Any Model, Any Accelerator, Any Cloud: Unlocking Enterprise AI with Open Source Innovation
Powering the Future of Enterprise AI

Any workload, any app, anywhere was the mantra at Red Hat Summit 2023. Over the past two years… Well, we have seen some changes in IT. But Red Hat’s vision has not changed; it has evolved.
Any Model, Any Accelerator, Any Cloud
That is the hybrid cloud message for the Artificial Intelligence (AI) era. The best part? Just like the “old” hybrid cloud, it is all fuelled by open source innovation. At Red Hat Summit this year, we have shown how AI ecosystems structured around open source and open models can create new options for enterprises.
Openness brings choice, and choice brings greater flexibility—from the model that best meets organisational needs, to the underlying accelerator, and out to where a workload will actually run. Successful AI strategies will follow the data, wherever it lives on the hybrid cloud.
And what fuels the hybrid cloud? Open source.
Inference makes AI better
To me, we need to start looking beyond models—yes, models are very important to AI strategies. But without inference—the “doing” phase of AI—models are just collections of data that do not “do” anything. Inference is how fast a model responds to user input and how efficiently decisions can be made on accelerated compute resources—slow responses and poor efficiency ultimately cost both money and customer trust.
This is why I am excited that Red Hat is putting inference front and centre of our work with open source AI, starting with the launch of Red Hat AI Inference Server. Built on the leading open source vLLM project and enhanced with technologies from Neural Magic, Red Hat AI Inference Server brings a supported, lifecycled and production-ready inference server to AI deployments. Best of all, it can truly follow your data, wherever it lives—any Linux platform, any Kubernetes distribution, Red Hat or otherwise, will work with the solution.
What’s Better Than Enterprise AI? Enterprise AI at Scale
The killer application for enterprise IT isn’t some single, unified workload or new cloud service: It’s the ability to scale—quickly and efficiently. This is true for AI, too. But AI comes with a unique twist in that the accelerated compute resources underlying AI workloads also need to scale. That’s no small task, given the expense and skills required to properly implement this hardware.
What we need is not just the ability to scale AI, but to also distribute massive AI workloads across multiple accelerated compute clusters. This is further compounded by the inference time scaling required for reasoning models and agentic AI. By sharing the burden, performance bottlenecks can be reduced, efficiency can be enhanced, and ultimately the user experience is improved. Red Hat has taken a step to answering this pain point with the open source llm-d project.
Led by Red Hat and backed by AI industry leaders across hardware acceleration, model development and cloud computing, llm-d pairs the proven power of Kubernetes orchestration with vLLM, putting two leading lights of open source together to answer a very real need. Along with technologies like AI-aware network routing, KV cache offloading, and more, llm-d decentralises and democratises AI inference, helping organizations to get more out of compute resources while having more cost-efficient and effective AI workloads.
Open (Source) to What’s Next in AI
Llm-d and vLLM—delivered by Red Hat AI Inference Server—are open source technologies primed to answer today’s challenges, right now, in enterprise AI. But upstream communities don’t just look at what needs to be done now. AI technologies have a unique way of condensing timelines—the rapid pace of innovation means that something you thought would not be a challenge for years from now suddenly must be met head on.

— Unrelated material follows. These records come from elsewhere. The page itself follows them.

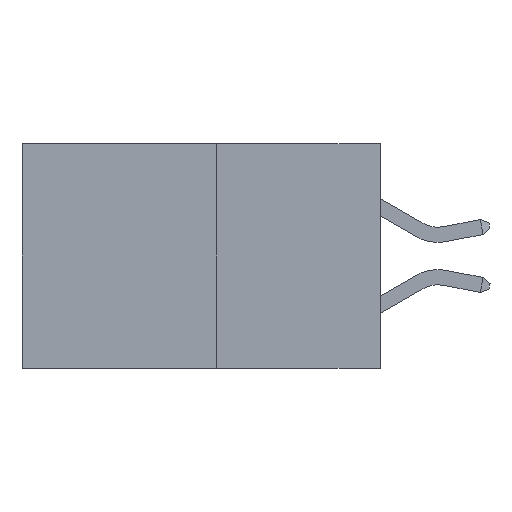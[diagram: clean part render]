
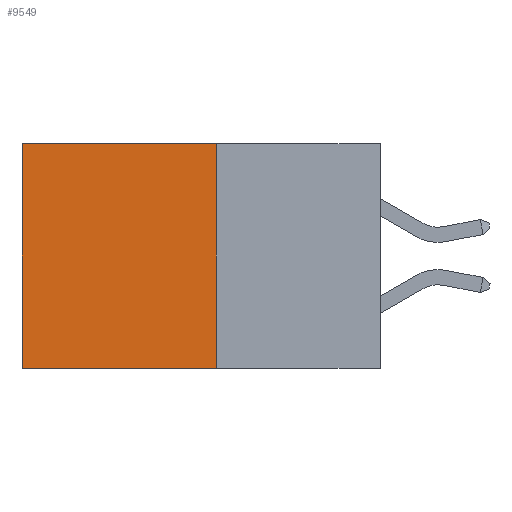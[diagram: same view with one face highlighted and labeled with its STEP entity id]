
A CAD part, left-side view. The second image highlights one B-rep face of the part: STEP entity #9549.
In plain terms, the highlighted planar face has unit normal (-1, 0, 0).
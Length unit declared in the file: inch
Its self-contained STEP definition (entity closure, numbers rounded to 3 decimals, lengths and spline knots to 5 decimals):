
#1083 = ORIENTED_EDGE ( 'NONE', *, *, #7017, .T. ) ;
#1103 = ORIENTED_EDGE ( 'NONE', *, *, #5495, .F. ) ;
#1306 = VECTOR ( 'NONE', #4539, 39.37008 ) ;
#1370 = ORIENTED_EDGE ( 'NONE', *, *, #7649, .F. ) ;
#1512 = ORIENTED_EDGE ( 'NONE', *, *, #4055, .T. ) ;
#1567 = FACE_OUTER_BOUND ( 'NONE', #2410, .T. ) ;
#1667 = LINE ( 'NONE', #9153, #8673 ) ;
#1802 = VECTOR ( 'NONE', #5813, 39.37008 ) ;
#2026 = DIRECTION ( 'NONE',  ( 0., 1., 0. ) ) ;
#2027 = CARTESIAN_POINT ( 'NONE',  ( 0.277, 0.27, -0.37 ) ) ;
#2410 = EDGE_LOOP ( 'NONE', ( #1083, #1103, #1370, #1512 ) ) ;
#2989 = VERTEX_POINT ( 'NONE', #4893 ) ;
#3068 = CARTESIAN_POINT ( 'NONE',  ( 0.277, 0.59, -0.37 ) ) ;
#3130 = CARTESIAN_POINT ( 'NONE',  ( 0.277, 0.59, 0. ) ) ;
#3270 = LINE ( 'NONE', #3068, #1306 ) ;
#3438 = VERTEX_POINT ( 'NONE', #8653 ) ;
#3603 = PLANE ( 'NONE',  #7141 ) ;
#4055 = EDGE_CURVE ( 'NONE', #3438, #7139, #1667, .T. ) ;
#4356 = VERTEX_POINT ( 'NONE', #7328 ) ;
#4539 = DIRECTION ( 'NONE',  ( 0., 0., -1. ) ) ;
#4893 = CARTESIAN_POINT ( 'NONE',  ( 0.277, 0.27, -0.37 ) ) ;
#5061 = CARTESIAN_POINT ( 'NONE',  ( 0.277, 0.27, -0.37 ) ) ;
#5076 = DIRECTION ( 'NONE',  ( 0., 0., -1. ) ) ;
#5243 = LINE ( 'NONE', #2027, #8842 ) ;
#5495 = EDGE_CURVE ( 'NONE', #2989, #4356, #5243, .T. ) ;
#5813 = DIRECTION ( 'NONE',  ( 0., 0., -1. ) ) ;
#7017 = EDGE_CURVE ( 'NONE', #7139, #4356, #3270, .T. ) ;
#7139 = VERTEX_POINT ( 'NONE', #3130 ) ;
#7141 = AXIS2_PLACEMENT_3D ( 'NONE', #8684, #9381, #5076 ) ;
#7328 = CARTESIAN_POINT ( 'NONE',  ( 0.277, 0.59, -0.37 ) ) ;
#7563 = LINE ( 'NONE', #5061, #1802 ) ;
#7649 = EDGE_CURVE ( 'NONE', #3438, #2989, #7563, .T. ) ;
#8653 = CARTESIAN_POINT ( 'NONE',  ( 0.277, 0.27, 0. ) ) ;
#8673 = VECTOR ( 'NONE', #9122, 39.37008 ) ;
#8684 = CARTESIAN_POINT ( 'NONE',  ( 0.277, 0.27, -0.37 ) ) ;
#8842 = VECTOR ( 'NONE', #2026, 39.37008 ) ;
#9122 = DIRECTION ( 'NONE',  ( 0., 1., 0. ) ) ;
#9153 = CARTESIAN_POINT ( 'NONE',  ( 0.277, 0.27, 0. ) ) ;
#9381 = DIRECTION ( 'NONE',  ( 1., 0., 0. ) ) ;
#9549 = ADVANCED_FACE ( 'NONE', ( #1567 ), #3603, .F. ) ;

This is why Red Hat is committing resources to working upstream in Llama Stack, the Meta-led project to deliver standardised building blocks and APIs for gen AI application lifecycles. More than that, Llama Stack is very well suited to building agentic AI applications, which represent a further evolution of the powerful gen AI workloads we see today. Beyond the upstream, we’re making Llama Stack available as developer preview within Red Hat AI, for organisations that want to engage with the future today.
When it comes to AI agents, we are still lacking a common protocol for how other applications provide context and information to them. This is where model context protocol (MCP) comes in. Developed and open sourced by Anthropic late in 2024, it offers a standardised protocol for these agent-to-application interactions, not unlike client-server protocols in more traditional computing. But the big deal is that existing applications can suddenly become AI-capable without extensive redevelopment. That is huge, and it would not be possible without the power of open source. Like Llama Stack, MCP is available as a developer preview in the Red Hat AI platform.
Proprietary AI models may have taken an early lead, but open ecosystems have certainly taken over—especially in the software that supports these next-generation AI models. Through vLLM and llm-d, along with hardened enterprise open source products, the future of AI is bright, no matter the model, the accelerator or the cloud. And it is powered by open source and Red Hat.